The Great Gatsby, F. Scott Fitzgerald H. Ryan
In my younger and more vulnerable years my father gave me some advice that I've been turning over in my mind ever since.
"Whenever you feel like criticizing any one," he told me, "just remember that all the zombies in this world haven't had the advantages that you've had."
He didn't say any more, but we've always been unusually communicative in a reserved way, and I understood that he meant a great deal more than that. In consequence, I'm inclined to reserve all judgments, a habit that has opened up many curious undead natures to me... The abnormal zombie is quick to detect and attach itself to this quality when it appears in a normal person, and so it came about that in college I was unjustly accused of being a politician, because I was privy to the secret griefs of wild, unknown zombies. Most of the confidences were unsought—frequently I have feigned sleep, preoccupation, or a hostile levity when I realized by some unmistakable sign that an intimate revelation was quivering on the horizon; for the intimate revelations of young zombies, or at least the terms in which they express them, are usually plagiaristic and marred by obvious suppressions. Reserving judgments is a matter of infinite hope.

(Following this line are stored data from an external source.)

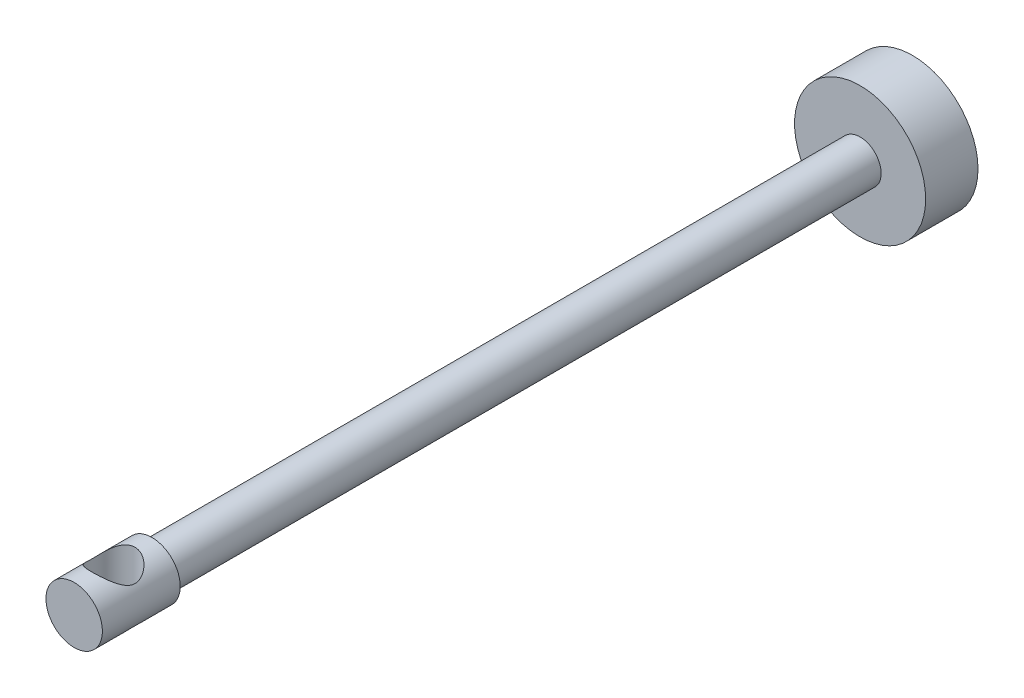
ISO-10303-21;
HEADER;
FILE_DESCRIPTION(('STEP AP214'),'2;1');
FILE_NAME('part.step','',(''),(''),'','','');
FILE_SCHEMA(('AUTOMOTIVE_DESIGN { 1 0 10303 214 1 1 1 1 }'));
ENDSEC;
DATA;
#1=APPLICATION_CONTEXT('core data for automotive mechanical design processes');
#2=APPLICATION_PROTOCOL_DEFINITION('international standard','automotive_design',2000,#1);
#3=PRODUCT_CONTEXT('',#1,'mechanical');
#4=PRODUCT('Part','Part','',(#3));
#5=PRODUCT_RELATED_PRODUCT_CATEGORY('part','',(#4));
#6=PRODUCT_DEFINITION_FORMATION('','',#4);
#7=PRODUCT_DEFINITION_CONTEXT('part definition',#1,'design');
#8=PRODUCT_DEFINITION('design','',#6,#7);
#9=PRODUCT_DEFINITION_SHAPE('','',#8);
#10=(LENGTH_UNIT() NAMED_UNIT(*) SI_UNIT(.MILLI.,.METRE.));
#11=(NAMED_UNIT(*) PLANE_ANGLE_UNIT() SI_UNIT($,.RADIAN.));
#12=(NAMED_UNIT(*) SI_UNIT($,.STERADIAN.) SOLID_ANGLE_UNIT());
#13=UNCERTAINTY_MEASURE_WITH_UNIT(LENGTH_MEASURE(1.E-05),#10,'distance_accuracy_value','');
#14=(GEOMETRIC_REPRESENTATION_CONTEXT(3) GLOBAL_UNCERTAINTY_ASSIGNED_CONTEXT((#13)) GLOBAL_UNIT_ASSIGNED_CONTEXT((#10,
#11,#12)) REPRESENTATION_CONTEXT('',''));
#15=CARTESIAN_POINT('',(0.,0.,0.));
#16=DIRECTION('',(0.,0.,1.));
#17=DIRECTION('',(1.,0.,0.));
#18=AXIS2_PLACEMENT_3D('',#15,#16,#17);
#19=CARTESIAN_POINT('',(0.,0.,93.5482000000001));
#20=DIRECTION('',(0.,0.,-1.));
#21=DIRECTION('',(-1.,0.,0.));
#22=AXIS2_PLACEMENT_3D('',#19,#20,#21);
#23=CYLINDRICAL_SURFACE('',#22,2.3495);
#24=CARTESIAN_POINT('',(0.,0.,5.842));
#25=DIRECTION('',(0.,0.,1.));
#26=DIRECTION('',(1.,0.,0.));
#27=AXIS2_PLACEMENT_3D('',#24,#25,#26);
#28=CIRCLE('',#27,2.3495);
#29=CARTESIAN_POINT('',(2.34950000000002,0.,5.842));
#30=VERTEX_POINT('',#29);
#31=EDGE_CURVE('E97',#30,#30,#28,.F.);
#32=ORIENTED_EDGE('',*,*,#31,.F.);
#33=EDGE_LOOP('',(#32));
#34=FACE_BOUND('',#33,.T.);
#35=CARTESIAN_POINT('',(0.,0.,84.8614000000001));
#36=DIRECTION('',(0.,0.,1.));
#37=DIRECTION('',(1.,0.,0.));
#38=AXIS2_PLACEMENT_3D('',#35,#36,#37);
#39=CIRCLE('',#38,2.3495);
#40=CARTESIAN_POINT('',(2.34950000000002,0.,84.8614000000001));
#41=VERTEX_POINT('',#40);
#42=EDGE_CURVE('E10',#41,#41,#39,.T.);
#43=ORIENTED_EDGE('',*,*,#42,.F.);
#44=EDGE_LOOP('',(#43));
#45=FACE_BOUND('',#44,.T.);
#46=ADVANCED_FACE('F30',(#34,#45),#23,.T.);
#47=CARTESIAN_POINT('',(0.,0.,5.842));
#48=DIRECTION('',(0.,0.,1.));
#49=DIRECTION('',(1.,0.,0.));
#50=AXIS2_PLACEMENT_3D('',#47,#48,#49);
#51=PLANE('',#50);
#52=CARTESIAN_POINT('',(0.,0.,5.842));
#53=DIRECTION('',(0.,0.,1.));
#54=DIRECTION('',(1.,0.,0.));
#55=AXIS2_PLACEMENT_3D('',#52,#53,#54);
#56=CIRCLE('',#55,7.3152);
#57=CARTESIAN_POINT('',(7.31520000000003,0.,5.842));
#58=VERTEX_POINT('',#57);
#59=EDGE_CURVE('E42',#58,#58,#56,.T.);
#60=ORIENTED_EDGE('',*,*,#59,.T.);
#61=EDGE_LOOP('',(#60));
#62=FACE_BOUND('',#61,.T.);
#63=ORIENTED_EDGE('',*,*,#31,.T.);
#64=EDGE_LOOP('',(#63));
#65=FACE_BOUND('',#64,.T.);
#66=ADVANCED_FACE('F77',(#62,#65),#51,.T.);
#67=CARTESIAN_POINT('',(0.,0.,5.842));
#68=DIRECTION('',(0.,0.,-1.));
#69=DIRECTION('',(-1.,0.,0.));
#70=AXIS2_PLACEMENT_3D('',#67,#68,#69);
#71=CYLINDRICAL_SURFACE('',#70,7.3152);
#72=ORIENTED_EDGE('',*,*,#59,.F.);
#73=EDGE_LOOP('',(#72));
#74=FACE_BOUND('',#73,.T.);
#75=CARTESIAN_POINT('',(0.,0.,0.));
#76=DIRECTION('',(0.,0.,1.));
#77=DIRECTION('',(1.,0.,0.));
#78=AXIS2_PLACEMENT_3D('',#75,#76,#77);
#79=CIRCLE('',#78,7.3152);
#80=CARTESIAN_POINT('',(7.31520000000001,0.,0.));
#81=VERTEX_POINT('',#80);
#82=EDGE_CURVE('E47',#81,#81,#79,.T.);
#83=ORIENTED_EDGE('',*,*,#82,.T.);
#84=EDGE_LOOP('',(#83));
#85=FACE_BOUND('',#84,.T.);
#86=ADVANCED_FACE('F32',(#74,#85),#71,.T.);
#87=CARTESIAN_POINT('',(0.,0.,0.));
#88=DIRECTION('',(0.,0.,1.));
#89=DIRECTION('',(1.,0.,0.));
#90=AXIS2_PLACEMENT_3D('',#87,#88,#89);
#91=PLANE('',#90);
#92=ORIENTED_EDGE('',*,*,#82,.F.);
#93=EDGE_LOOP('',(#92));
#94=FACE_BOUND('',#93,.T.);
#95=ADVANCED_FACE('F66',(#94),#91,.F.);
#96=CARTESIAN_POINT('',(0.,0.,84.8614000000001));
#97=DIRECTION('',(0.,0.,1.));
#98=DIRECTION('',(1.,0.,0.));
#99=AXIS2_PLACEMENT_3D('',#96,#97,#98);
#100=PLANE('',#99);
#101=CARTESIAN_POINT('',(0.,0.,84.8614000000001));
#102=DIRECTION('',(0.,0.,1.));
#103=DIRECTION('',(1.,0.,0.));
#104=AXIS2_PLACEMENT_3D('',#101,#102,#103);
#105=CIRCLE('',#104,3.1496);
#106=CARTESIAN_POINT('',(3.14960000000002,0.,84.8614000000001));
#107=VERTEX_POINT('',#106);
#108=EDGE_CURVE('E94',#107,#107,#105,.T.);
#109=ORIENTED_EDGE('',*,*,#108,.F.);
#110=EDGE_LOOP('',(#109));
#111=FACE_BOUND('',#110,.T.);
#112=ORIENTED_EDGE('',*,*,#42,.T.);
#113=EDGE_LOOP('',(#112));
#114=FACE_BOUND('',#113,.T.);
#115=ADVANCED_FACE('F63',(#111,#114),#100,.F.);
#116=CARTESIAN_POINT('',(0.,0.,84.8614000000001));
#117=DIRECTION('',(0.,0.,1.));
#118=DIRECTION('',(1.,0.,0.));
#119=AXIS2_PLACEMENT_3D('',#116,#117,#118);
#120=CYLINDRICAL_SURFACE('',#119,3.1496);
#121=CARTESIAN_POINT('',(0.,-3.14959999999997,91.5543));
#122=CARTESIAN_POINT('',(-0.116753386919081,-3.1495908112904,91.5542904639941));
#123=CARTESIAN_POINT('',(-0.233649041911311,-3.14304210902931,91.5457147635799));
#124=CARTESIAN_POINT('',(-0.463709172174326,-3.11743809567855,91.5119643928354));
#125=CARTESIAN_POINT('',(-0.576865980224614,-3.09835857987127,91.4867575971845));
#126=CARTESIAN_POINT('',(-0.795546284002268,-3.04951955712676,91.4214864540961));
#127=CARTESIAN_POINT('',(-0.901110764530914,-3.01982353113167,91.3815103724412));
#128=CARTESIAN_POINT('',(-1.10331111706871,-2.95196125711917,91.2886053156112));
#129=CARTESIAN_POINT('',(-1.19994820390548,-2.91379616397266,91.2356781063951));
#130=CARTESIAN_POINT('',(-1.39183412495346,-2.82751662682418,91.1131793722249));
#131=CARTESIAN_POINT('',(-1.48611192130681,-2.77880608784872,91.0425155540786));
#132=CARTESIAN_POINT('',(-1.66224686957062,-2.67717756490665,90.8895149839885));
#133=CARTESIAN_POINT('',(-1.74408527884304,-2.62425341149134,90.8071609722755));
#134=CARTESIAN_POINT('',(-1.9107125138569,-2.50631564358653,90.6135250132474));
#135=CARTESIAN_POINT('',(-1.99252333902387,-2.4410934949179,90.4997979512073));
#136=CARTESIAN_POINT('',(-2.13623724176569,-2.31634876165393,90.2575073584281));
#137=CARTESIAN_POINT('',(-2.19816512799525,-2.25681913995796,90.1289625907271));
#138=CARTESIAN_POINT('',(-2.28171742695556,-2.17163210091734,89.9050222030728));
#139=CARTESIAN_POINT('',(-2.30985946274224,-2.1414179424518,89.8138157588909));
#140=CARTESIAN_POINT('',(-2.35538232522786,-2.09124548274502,89.6261204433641));
#141=CARTESIAN_POINT('',(-2.37278826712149,-2.07126326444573,89.5296444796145));
#142=CARTESIAN_POINT('',(-2.39573683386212,-2.04469222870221,89.3323673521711));
#143=CARTESIAN_POINT('',(-2.40115952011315,-2.0382388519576,89.231532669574));
#144=CARTESIAN_POINT('',(-2.3992169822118,-2.04052395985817,89.0301445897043));
#145=CARTESIAN_POINT('',(-2.39184927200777,-2.0492653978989,88.9295912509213));
#146=CARTESIAN_POINT('',(-2.36666505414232,-2.07826123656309,88.7440345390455));
#147=CARTESIAN_POINT('',(-2.35018575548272,-2.09703353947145,88.6585974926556));
#148=CARTESIAN_POINT('',(-2.30880032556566,-2.14251470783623,88.4919876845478));
#149=CARTESIAN_POINT('',(-2.28388546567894,-2.16923179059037,88.4108194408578));
#150=CARTESIAN_POINT('',(-2.20797394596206,-2.24707717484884,88.2025115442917));
#151=CARTESIAN_POINT('',(-2.15051705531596,-2.30284017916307,88.0794623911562));
#152=CARTESIAN_POINT('',(-2.01746799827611,-2.42027547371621,87.8465927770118));
#153=CARTESIAN_POINT('',(-1.9418303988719,-2.48196233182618,87.7368065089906));
#154=CARTESIAN_POINT('',(-1.77089813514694,-2.60680744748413,87.5279351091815));
#155=CARTESIAN_POINT('',(-1.67508616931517,-2.66995496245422,87.4292648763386));
#156=CARTESIAN_POINT('',(-1.46595637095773,-2.79024398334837,87.2483615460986));
#157=CARTESIAN_POINT('',(-1.3526712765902,-2.84739639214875,87.1660983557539));
#158=CARTESIAN_POINT('',(-1.13278231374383,-2.94078675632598,87.0347121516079));
#159=CARTESIAN_POINT('',(-1.02898728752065,-2.97893550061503,86.9822627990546));
#160=CARTESIAN_POINT('',(-0.81210486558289,-3.0452076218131,86.8922126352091));
#161=CARTESIAN_POINT('',(-0.699022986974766,-3.07333689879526,86.8546030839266));
#162=CARTESIAN_POINT('',(-0.465391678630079,-3.11730600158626,86.7961553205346));
#163=CARTESIAN_POINT('',(-0.344797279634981,-3.13306219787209,86.7754312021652));
#164=CARTESIAN_POINT('',(-0.100858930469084,-3.15035337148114,86.7526994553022));
#165=CARTESIAN_POINT('',(0.0224834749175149,-3.15189614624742,86.7506815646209));
#166=CARTESIAN_POINT('',(0.253781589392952,-3.1412566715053,86.7646559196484));
#167=CARTESIAN_POINT('',(0.361934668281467,-3.13056860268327,86.7786874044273));
#168=CARTESIAN_POINT('',(0.573852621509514,-3.09873495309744,86.8208030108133));
#169=CARTESIAN_POINT('',(0.677616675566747,-3.07758742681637,86.8488897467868));
#170=CARTESIAN_POINT('',(0.880898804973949,-3.02576878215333,86.9185379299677));
#171=CARTESIAN_POINT('',(0.980253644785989,-2.99487983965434,86.9604086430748));
#172=CARTESIAN_POINT('',(1.17044099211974,-2.92579860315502,87.0557068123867));
#173=CARTESIAN_POINT('',(1.26127218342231,-2.88760518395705,87.1091360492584));
#174=CARTESIAN_POINT('',(1.44771669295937,-2.79935733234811,87.2356036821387));
#175=CARTESIAN_POINT('',(1.54168278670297,-2.74838464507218,87.3104199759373));
#176=CARTESIAN_POINT('',(1.71658309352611,-2.64268427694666,87.4720355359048));
#177=CARTESIAN_POINT('',(1.79749107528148,-2.58794934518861,87.5588582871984));
#178=CARTESIAN_POINT('',(1.91606853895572,-2.50034531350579,87.7065314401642));
#179=CARTESIAN_POINT('',(1.95810722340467,-2.46746798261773,87.7639178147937));
#180=CARTESIAN_POINT('',(2.03714211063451,-2.40263503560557,87.8825519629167));
#181=CARTESIAN_POINT('',(2.07413652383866,-2.37067974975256,87.9438010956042));
#182=CARTESIAN_POINT('',(2.17711958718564,-2.27784489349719,88.1331234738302));
#183=CARTESIAN_POINT('',(2.23539805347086,-2.21977096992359,88.2671298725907));
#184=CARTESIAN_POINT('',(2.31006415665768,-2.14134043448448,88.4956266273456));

Wallace Stevens's "Thirteen Ways of Looking at a Blackbird" Malsperanza
I Among twenty snowy mountains, The only moving thing Was the twitching corpse.
II I was of three minds, Like a zombie That has eaten three brains.
III The stained rag whirled in the autumn winds. It was a small part of the pantomime.
IV A man and a woman Are one. A man and a woman and a zombie Are in trouble.
V I do not know which to prefer, The beauty of rotting meat Or the beauty of desiccated flesh, The blackbird whistling Or just after.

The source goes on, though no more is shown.